PHOTO BY ADRIANA RAMBAY FERNÁNDEZ

“Going back to school was always the resurgence of the Aqua Net battle … the hair spray wars,” says Jersey City parent Gabby Creery who was also a child of the ’80s. She has two sets of twins, 10th graders Devin and Mia, and sixth graders Caitlin and Siena Malmad. “My mom takes all of them shopping now,” says Creery. Devin goes to Saint Peter’s Preparatory School, Mia attends County Prep High School, and Caitlin and Siena both go to Learning Community Charter School. While one outfit will do for three of her children, her daughter Siena “will try for everything and anything,” Creery says. “Every year it is an eccentric list that is reflective of where she is at in the world. She will always push the boundaries. She’ll need accessories, a hat, Dr.

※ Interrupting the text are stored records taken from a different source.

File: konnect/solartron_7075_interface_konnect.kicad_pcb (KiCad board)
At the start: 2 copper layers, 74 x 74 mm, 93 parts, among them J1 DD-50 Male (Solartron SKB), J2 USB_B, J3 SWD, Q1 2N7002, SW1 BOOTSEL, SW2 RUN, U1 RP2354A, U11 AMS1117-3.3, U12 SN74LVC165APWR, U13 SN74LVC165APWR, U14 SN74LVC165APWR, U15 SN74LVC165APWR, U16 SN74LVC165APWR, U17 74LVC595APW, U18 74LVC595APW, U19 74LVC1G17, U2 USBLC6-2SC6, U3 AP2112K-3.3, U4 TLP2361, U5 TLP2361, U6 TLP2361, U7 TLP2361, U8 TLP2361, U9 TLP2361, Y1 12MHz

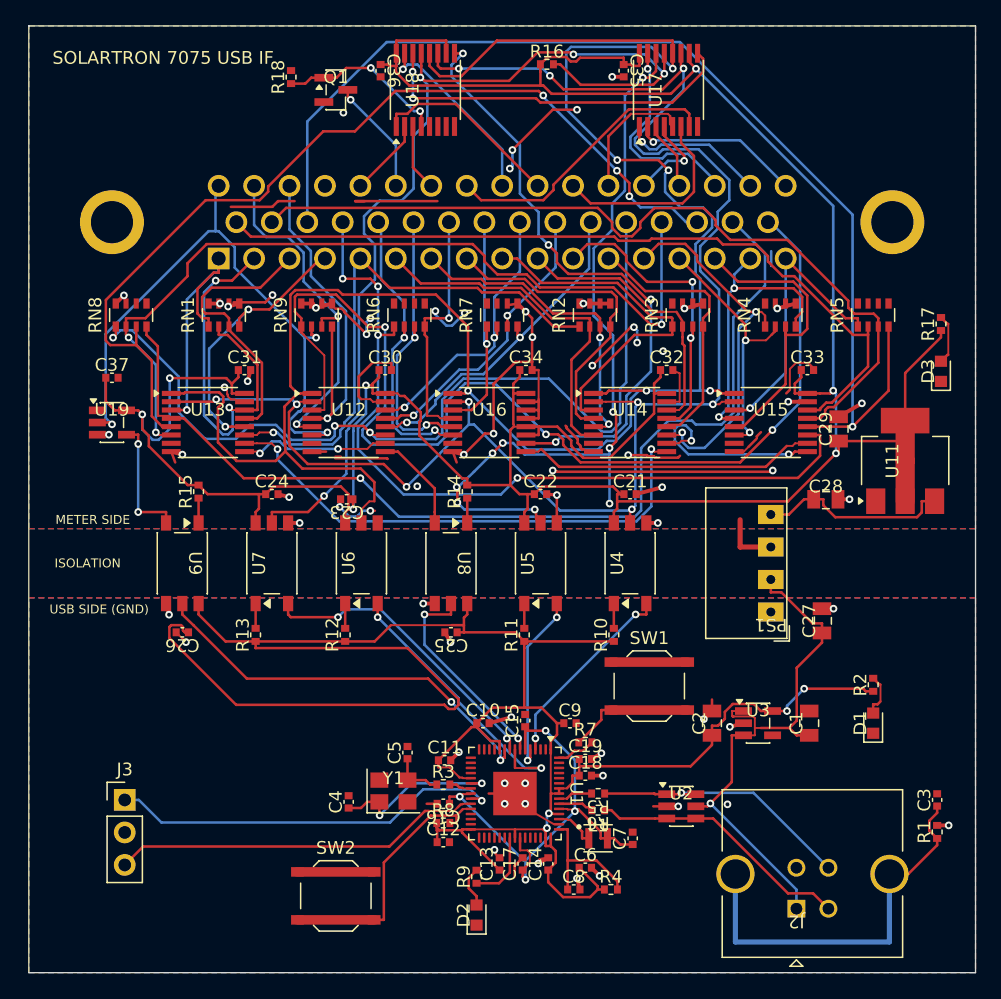
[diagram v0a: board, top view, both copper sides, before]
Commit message: Konnect: pin-swap the shift registers and resistor arrays, re-route meter side
- Re-assigned the 36 DVM inputs across the five '165s and nine 100k arrays,
  within and between identical parts, so each array feeds one side of one
  '165 in D-sub pin order. Reordered the '595 outputs to match the D-sub
  top row. U16 keeps its 0,0,1,1 signature; the schematic note now carries
  the full MISO/MOSI bit map (SAMPLE moved to U18 QA/QC).
- Pre-placed the '165 LOAD/SCK escapes and bottom-layer buses, and ground
  pockets for the arrays and the '165 GND/CLK INH pins, then re-routed the
  meter side with Freerouting. The USB side is unchanged.
- Meter-side signals: 2,374 mm / 111 vias -> 1,692 mm / 55 vias; the 36
  input nets alone: 1,343 mm / 53 vias -> 781 mm / 7 vias.
- ERC clean. DRC: 0 unconnected, 4 cosmetic starved-thermal errors
  (C17, C24, C30, C31). Fab outputs regenerated; BOM and positions unchanged.

Co-Authored-By: Claude Opus 5.5 <noreply@anthropic.com>
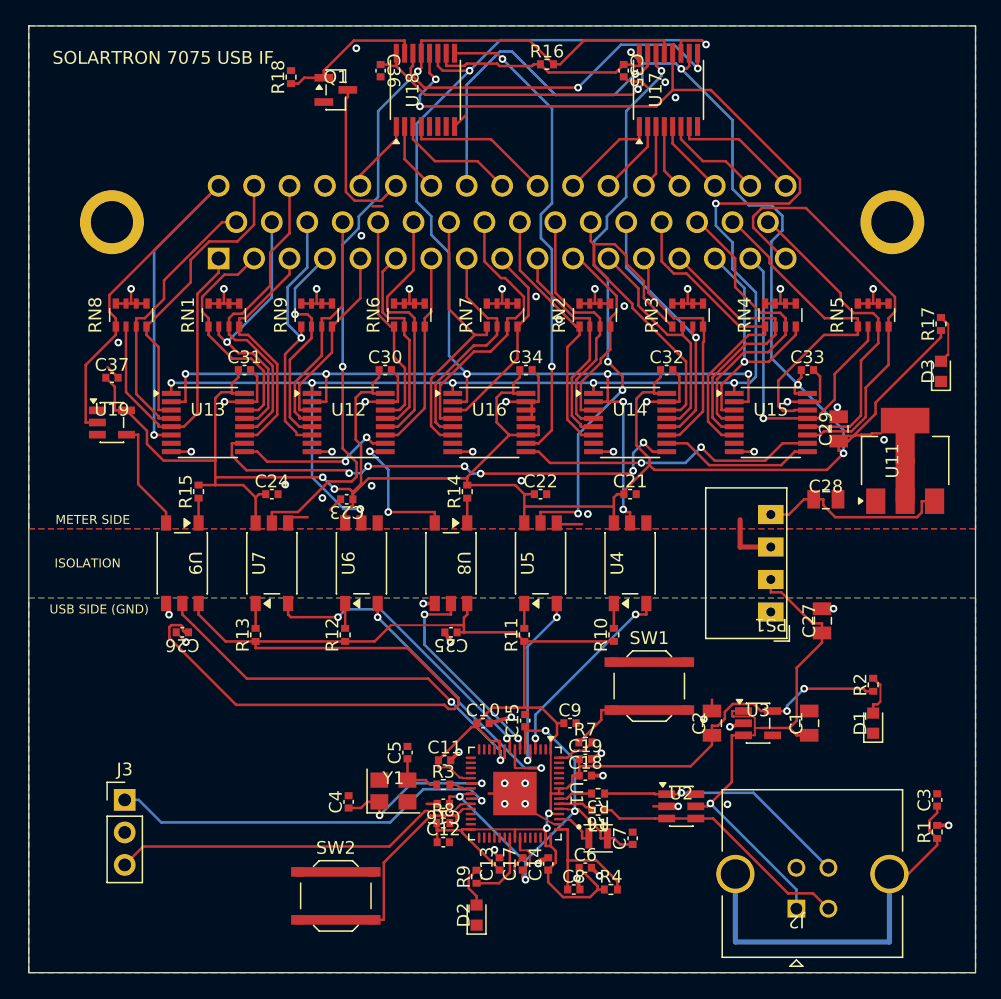
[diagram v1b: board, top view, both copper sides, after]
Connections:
- RN1 pad 1: /BCD6_1 -> /BCD5_8
- RN1 pad 2: /BCD5_8 -> /BCD1_4
- RN1 pad 3: /BCD5_4 -> /OVERLOAD
- RN1 pad 4: /BCD5_2 -> /BCD5_4
- RN2 pad 1: /BCD5_1 -> /POL_POS
- RN2 pad 2: /BCD4_8 -> /BCD3_8
- RN2 pad 3: /BCD4_4 -> /POL_NEG
- RN2 pad 4: /BCD4_2 -> /BCD3_4
- RN3 pad 1: /BCD4_1 -> /FN_OUT_28
- RN3 pad 2: /BCD3_8 -> /BCD3_2
- RN3 pad 3: /BCD3_4 -> /FN_OUT_29
- RN3 pad 4: /BCD3_2 -> /BCD3_1
- RN4 pad 1: /BCD3_1 -> /RNG_OUT_4
- RN4 pad 3: /BCD2_4 -> /RNG_OUT_2
- RN4 pad 4: /BCD2_2 -> /BCD2_4
- RN5 pad 1: /BCD2_1 -> /RNG_OUT_1
- RN5 pad 2: /BCD1_8 -> /BCD2_2
- RN5 pad 3: /BCD1_4 -> /PRINT_PULSE
- RN5 pad 4: /BCD1_2 -> /BCD2_1
- RN6 pad 1: /BCD1_1 -> /BCD0_8
- RN6 pad 2: /BCD0_8 -> /BCD4_8
- RN6 pad 4: /BCD0_2 -> /BCD4_4
- RN7 pad 1: /BCD0_1 -> /BCD0_2
- RN7 pad 2: /POL_POS -> /BCD4_2
- RN7 pad 3: /POL_NEG -> /BCD0_1
- RN7 pad 4: /FN_OUT_28 -> /BCD4_1
- RN8 pad 1: /FN_OUT_29 -> /PRINT_LEVEL
- RN8 pad 2: /RNG_OUT_4 -> /BCD6_1
- RN8 pad 3: /RNG_OUT_2 -> /BCD1_8
- RN8 pad 4: /RNG_OUT_1 -> /DATA_CAN_CHANGE
- RN9 pad 1: /PRINT_PULSE -> /BCD1_2
- RN9 pad 2: /PRINT_LEVEL -> /BCD5_2
- RN9 pad 3: /DATA_CAN_CHANGE -> /BCD1_1
- RN9 pad 4: /OVERLOAD -> /BCD5_1
- U12 pad 11: /FN_OUT_29 -> /BCD4_4
- U12 pad 12: /FN_OUT_28 -> /BCD0_4
- U12 pad 13: /POL_NEG -> /BCD4_8
- U12 pad 14: /POL_POS -> /BCD0_8
- U12 pad 3: /PRINT_PULSE -> /BCD5_1
- U12 pad 4: /OVERLOAD -> /BCD1_1
- U12 pad 5: /DATA_CAN_CHANGE -> /BCD5_2
- U12 pad 6: /PRINT_LEVEL -> /BCD1_2
- U13 pad 11: /BCD5_1 -> /BCD5_4
- U13 pad 12: /BCD5_2 -> /OVERLOAD
- U13 pad 13: /BCD5_4 -> /BCD1_4
- U13 pad 3: /BCD6_1 -> /DATA_CAN_CHANGE
- U13 pad 4: /RNG_OUT_1 -> /BCD1_8
- U13 pad 5: /RNG_OUT_2 -> /BCD6_1
- U13 pad 6: /RNG_OUT_4 -> /PRINT_LEVEL
- U14 pad 12: /BCD3_2 -> /FN_OUT_29
- U14 pad 13: /BCD3_4 -> /BCD3_2
- U14 pad 14: /BCD3_8 -> /FN_OUT_28
- U14 pad 3: /BCD4_1 -> /BCD3_4
- U14 pad 4: /BCD4_2 -> /POL_NEG
- U14 pad 5: /BCD4_4 -> /BCD3_8
- U14 pad 6: /BCD4_8 -> /POL_POS
- U15 pad 11: /BCD1_1 -> /BCD2_1
- U15 pad 12: /BCD1_2 -> /PRINT_PULSE
- U15 pad 13: /BCD1_4 -> /BCD2_2
- U15 pad 14: /BCD1_8 -> /RNG_OUT_1
- U15 pad 3: /BCD2_1 -> /BCD2_4
- U15 pad 4: /BCD2_2 -> /RNG_OUT_2
- U15 pad 5: /BCD2_4 -> /BCD2_8
- U15 pad 6: /BCD2_8 -> /RNG_OUT_4
- U16 pad 3: /BCD0_1 -> /BCD4_1
- U16 pad 4: /BCD0_2 -> /BCD0_1
- U16 pad 5: /BCD0_4 -> /BCD4_2
- U16 pad 6: /BCD0_8 -> /BCD0_2
- U17 pad 1: /CMD_RNG_2 -> /CMD_INT_4
- U17 pad 15: /CMD_RNG_1 -> /CMD_RATIO_N
- U17 pad 2: /CMD_RNG_4 -> /CMD_INT_2
- U17 pad 3: /CMD_AUTORANGE_INH -> /CMD_INT_1
- U17 pad 4: /CMD_INT_1 -> /CMD_AUTORANGE_INH
- U17 pad 5: /CMD_INT_2 -> /CMD_RNG_1
- U17 pad 6: /CMD_INT_4 -> /CMD_RNG_2
- U17 pad 7: /CMD_RATIO_N -> /CMD_RNG_4
- U18 pad 1: /CMD_FN_43 -> /CMD_FPL_N
- U18 pad 15: /CMD_FN_42 -> /SAMPLE_CONTACT_DRV
- U18 pad 2: /CMD_FPL_N -> /CMD_SAMPLE_PULSE
- U18 pad 3: /CMD_SAMPLE_PULSE -> /CMD_FN_42
- U18 pad 4: /SAMPLE_CONTACT_DRV -> /CMD_FN_43
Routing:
- net GND_ISO: track 154.4 -> 81.4 mm, vias 43 -> 34
- net /BCD1_2: track 87.7 -> 20.7 mm
- net /PRINT_PULSE: track 86.2 -> 24.8 mm, vias 3 -> 0
- net /RNG_OUT_1: track 79.1 -> 26.6 mm, vias 1 -> 0
- net /FN_OUT_29: track 70.9 -> 20.8 mm, vias 3 -> 1
- net /RNG_OUT_2: track 73.2 -> 23.6 mm, vias 3 -> 0
- net /BCD1_1: track 64.2 -> 18.4 mm, vias 4 -> 0
- net /BCD1_4: track 65.3 -> 21.7 mm, vias 0 -> 1
- net /BCD1_8: track 62.7 -> 21.3 mm
- net /RNG_OUT_4: track 66.9 -> 25.8 mm, vias 3 -> 0
- net /ISO_LOAD: track 159.6 -> 127.0 mm, vias 6 -> 9
- net /BCD5_1: track 42.1 -> 14.8 mm, vias 1 -> 0
- net /ISO_MOSI: track 60.9 -> 44.6 mm, vias 9 -> 4
- net /BCD4_1: track 28.1 -> 15.8 mm
- net /BCD4_8: track 28.1 -> 15.9 mm
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
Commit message: Konnect: move the meter-side parts and lay out the input wiring by script
- U16 (four DVM inputs) moves to the right-hand end so the nine used '165
  input sides sit in a row at twice the D-sub group pitch; each array sits
  under its four D-sub pins, turned to face the connector. The 36 input
  tracks follow one repeated pattern: straight into the array, out between
  its pad rows, and into each '165 side from outside and from under the
  body. One via (DD-50 pin 36, which sits above pin 3).
- '165 decoupling caps moved onto the chips with a bottom-layer +3V3_ISO
  spine; C29 moved above the regulator; U19 turned to face U13.
- Both shift-register chains now run in board order (MOSI -> U18 -> U17 ->
  U16 -> U15 -> U14 -> U12 -> U13 -> MISO) and CMD_RATIO_N moves to U18 QD.
  The schematic note carries the new bit map.
- Control buses, supply rails, SIPO links and the '165 chain were also laid
  by script; Freerouting did the rest. USB side unchanged.
- Meter-side signals: 1,692 mm / 55 vias -> 1,558 mm / 36 vias; the 36
  input nets: 781 mm / 7 vias -> 655 mm / 1 via.
- ERC clean. DRC: 0 unconnected, one cosmetic starved thermal (C17, as in
  the first layout). Fab outputs and positions regenerated; BOM unchanged.

Co-Authored-By: Claude Opus 5.5 <noreply@anthropic.com>
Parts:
- moved C34 23.9 mm to (162.7, 126.9), turned to 90 degrees
- moved U16 23.9 mm to (159.9, 131.0)
- moved U14 9.31 mm to (137.7, 131.0)
- moved C32 9.30 mm to (140.6, 126.9), turned to 90 degrees
- moved U15 9.23 mm to (148.8, 131.0)
- moved C33 9.22 mm to (151.6, 126.9), turned to 90 degrees
- moved RN5 8.92 mm to (157.1, 122.6), turned to -90 degrees
- moved RN4 7.21 mm to (151.5, 122.6), turned to -90 degrees
- moved C37 6.50 mm to (106.5, 134.0)
- moved RN3 5.50 mm to (146.0, 122.6), turned to -90 degrees
- moved C29 5.38 mm to (167.0, 127.6), turned to 0 degrees
- moved RN8 4.76 mm to (112.8, 122.6), turned to -90 degrees
- moved RN2 3.79 mm to (140.5, 122.6), turned to -90 degrees
- moved RN1 3.05 mm to (118.3, 122.6), turned to -90 degrees
- moved RN7 2.08 mm to (134.9, 122.6), turned to -90 degrees
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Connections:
- RN1 pad 1: /BCD5_8 -> /BCD5_4
- RN1 pad 2: /BCD1_4 -> /OVERLOAD
- RN1 pad 3: /OVERLOAD -> /BCD1_4
- RN1 pad 4: /BCD5_4 -> /BCD5_8
- RN2 pad 1: /POL_POS -> /BCD3_4
- RN2 pad 2: /BCD3_8 -> /POL_NEG
- RN2 pad 3: /POL_NEG -> /BCD3_8
- RN2 pad 4: /BCD3_4 -> /POL_POS
- RN3 pad 1: /FN_OUT_28 -> /BCD3_1
- RN3 pad 2: /BCD3_2 -> /FN_OUT_29
- RN3 pad 3: /FN_OUT_29 -> /BCD3_2
- RN3 pad 4: /BCD3_1 -> /FN_OUT_28
- RN4 pad 1: /RNG_OUT_4 -> /BCD2_4
- RN4 pad 2: /BCD2_8 -> /RNG_OUT_2
- RN4 pad 3: /RNG_OUT_2 -> /BCD2_8
- RN4 pad 4: /BCD2_4 -> /RNG_OUT_4
- RN5 pad 1: /RNG_OUT_1 -> /BCD2_1
- RN5 pad 2: /BCD2_2 -> /PRINT_PULSE
- RN5 pad 3: /PRINT_PULSE -> /BCD2_2
- RN5 pad 4: /BCD2_1 -> /RNG_OUT_1
- RN6 pad 1: /BCD0_8 -> /BCD4_4
- RN6 pad 2: /BCD4_8 -> /BCD0_4
- RN6 pad 3: /BCD0_4 -> /BCD4_8
- RN6 pad 4: /BCD4_4 -> /BCD0_8
- RN7 pad 1: /BCD0_2 -> /BCD4_1
- RN7 pad 2: /BCD4_2 -> /BCD0_1
- RN7 pad 3: /BCD0_1 -> /BCD4_2
- RN7 pad 4: /BCD4_1 -> /BCD0_2
- RN8 pad 1: /PRINT_LEVEL -> /BCD6_1
- RN8 pad 2: /BCD6_1 -> /DATA_CAN_CHANGE
- RN8 pad 4: /DATA_CAN_CHANGE -> /PRINT_LEVEL
- RN9 pad 1: /BCD1_2 -> /BCD5_1
- RN9 pad 2: /BCD5_2 -> /BCD1_1
- RN9 pad 3: /BCD1_1 -> /BCD5_2
- RN9 pad 4: /BCD5_1 -> /BCD1_2
- U12 pad 10: /PISO_CH1 -> /PISO_CH2
- U12 pad 11: /BCD4_4 -> /BCD0_8
- U12 pad 12: /BCD0_4 -> /BCD4_8
- U12 pad 13: /BCD4_8 -> /BCD4_4
- U12 pad 14: /BCD0_8 -> /BCD0_4
- U12 pad 3: /BCD5_1 -> /BCD5_2
- U12 pad 4: /BCD1_1 -> /BCD1_2
- U12 pad 5: /BCD5_2 -> /BCD1_1
- U12 pad 6: /BCD1_2 -> /BCD5_1
- U12 pad 9: /ISO_MISO -> /PISO_CH1
- U13 pad 10: /PISO_CH2 -> /PISO_CH1
- U13 pad 11: /BCD5_4 -> /BCD5_8
- U13 pad 12: /OVERLOAD -> /BCD1_4
- U13 pad 13: /BCD1_4 -> /BCD5_4
- U13 pad 14: /BCD5_8 -> /OVERLOAD
- U13 pad 3: /DATA_CAN_CHANGE -> /BCD1_8
- U13 pad 4: /BCD1_8 -> /PRINT_LEVEL
- U13 pad 5: /BCD6_1 -> /DATA_CAN_CHANGE
- U13 pad 6: /PRINT_LEVEL -> /BCD6_1
- U13 pad 9: /PISO_CH1 -> /ISO_MISO
- U14 pad 11: /BCD3_1 -> /POL_POS
- U14 pad 12: /FN_OUT_29 -> /BCD3_8
- U14 pad 13: /BCD3_2 -> /BCD3_4
- U14 pad 14: /FN_OUT_28 -> /POL_NEG
- U14 pad 3: /BCD3_4 -> /BCD4_2
- U14 pad 4: /POL_NEG -> /BCD0_2
- U14 pad 5: /BCD3_8 -> /BCD0_1
- U14 pad 6: /POL_POS -> /BCD4_1
- U15 pad 11: /BCD2_1 -> /RNG_OUT_4
- U15 pad 12: /PRINT_PULSE -> /BCD2_8
- U15 pad 13: /BCD2_2 -> /BCD2_4
- U15 pad 14: /RNG_OUT_1 -> /RNG_OUT_2
- U15 pad 3: /BCD2_4 -> /BCD3_2
- U15 pad 4: /RNG_OUT_2 -> /FN_OUT_28
- U15 pad 5: /BCD2_8 -> /FN_OUT_29
- U15 pad 6: /RNG_OUT_4 -> /BCD3_1
- U16 pad 3: /BCD4_1 -> /BCD2_2
- U16 pad 4: /BCD0_1 -> /RNG_OUT_1
- U16 pad 5: /BCD4_2 -> /PRINT_PULSE
- U16 pad 6: /BCD0_2 -> /BCD2_1
- U17 pad 14: /ISO_MOSI -> /SIPO_CH1
- U17 pad 15: /CMD_RATIO_N -> unconnected-(U17-QA-Pad15)
- U17 pad 9: /SIPO_CH1 -> /SIPO_LOOP
- U18 pad 14: /SIPO_CH1 -> /ISO_MOSI
- U18 pad 3: /CMD_FN_42 -> /CMD_RATIO_N
- U18 pad 4: /CMD_FN_43 -> /CMD_FN_42
- U18 pad 5: unconnected-(U18-QF-Pad5) -> /CMD_FN_43
- U18 pad 9: /SIPO_LOOP -> /SIPO_CH1
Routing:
- net /PISO_CH2: track 39.1 -> 15.5 mm, vias 6 -> 0
- net /PRINT_LEVEL: track 47.0 -> 25.8 mm, vias 1 -> 0
- net /ISO_OE_N: track 67.2 -> 87.5 mm, vias 2 -> 4
- net /CMD_RATIO_N: track 26.5 -> 6.71 mm, vias 1 -> 0
- net /ISO_LOAD: track 127.0 -> 145.3 mm, vias 9 -> 8
- net /BCD2_1: track 34.1 -> 17.3 mm
- net GND_ISO: track 81.4 -> 64.8 mm, vias 34 -> 27
- net /ISO_SCK: track 124.9 -> 112.6 mm, vias 9 -> 10
- net /BCD2_2: track 26.1 -> 15.0 mm, vias 1 -> 0
- net /FN_OUT_28: track 29.0 -> 18.6 mm
- net /SIPO_LOOP: track 37.7 -> 47.1 mm, vias 2 -> 0
- net /PISO_CH4: track 23.9 -> 15.5 mm, vias 2 -> 0
- net /RNG_OUT_1: track 26.6 -> 18.6 mm
- net /BCD6_1: track 25.1 -> 17.3 mm
- net /ISO_MISO: track 11.0 -> 18.9 mm, vias 2 -> 0

Martens…” “New shirts,” adds Sienna. “I stockpile T-shirts … usually ones with references to nerdy things.” The pair of yellow Wigwam socks that I wore on top of a pair of teal socks when I was a sixth grader to match the colors in my outfit would probably fall into the category of “nerdy things” nowadays, but not in a good way. And while kids may pull their socks up to their knees instead of scrunching them down like I did, socks are still a major form of self-expression. “She will want me to get her fun-colored socks so she can express her style,” says life-long resident Veronica Gonzalez about her 11-year-old daughter Mariah. A fifth grader, she attends Frank R. Conwell No. 3 Elementary School. “Being that she wears uniforms to school, she really likes fashion,” says Gonzalez. Before the start of fifth grade Mariah also requested heels, but that didn’t go over too well with her mother. “She is definitely too young,” says Gonzalez. “That would be an accident waiting to happen.” Boys also have to wait until they get older to show off certain accessories. “My son wanted an earring and I told him to wait,” says Sanchez of his son Lawrenz. “Once he hits 17 or 18 years old, it will be more appropriate to wear an earring.”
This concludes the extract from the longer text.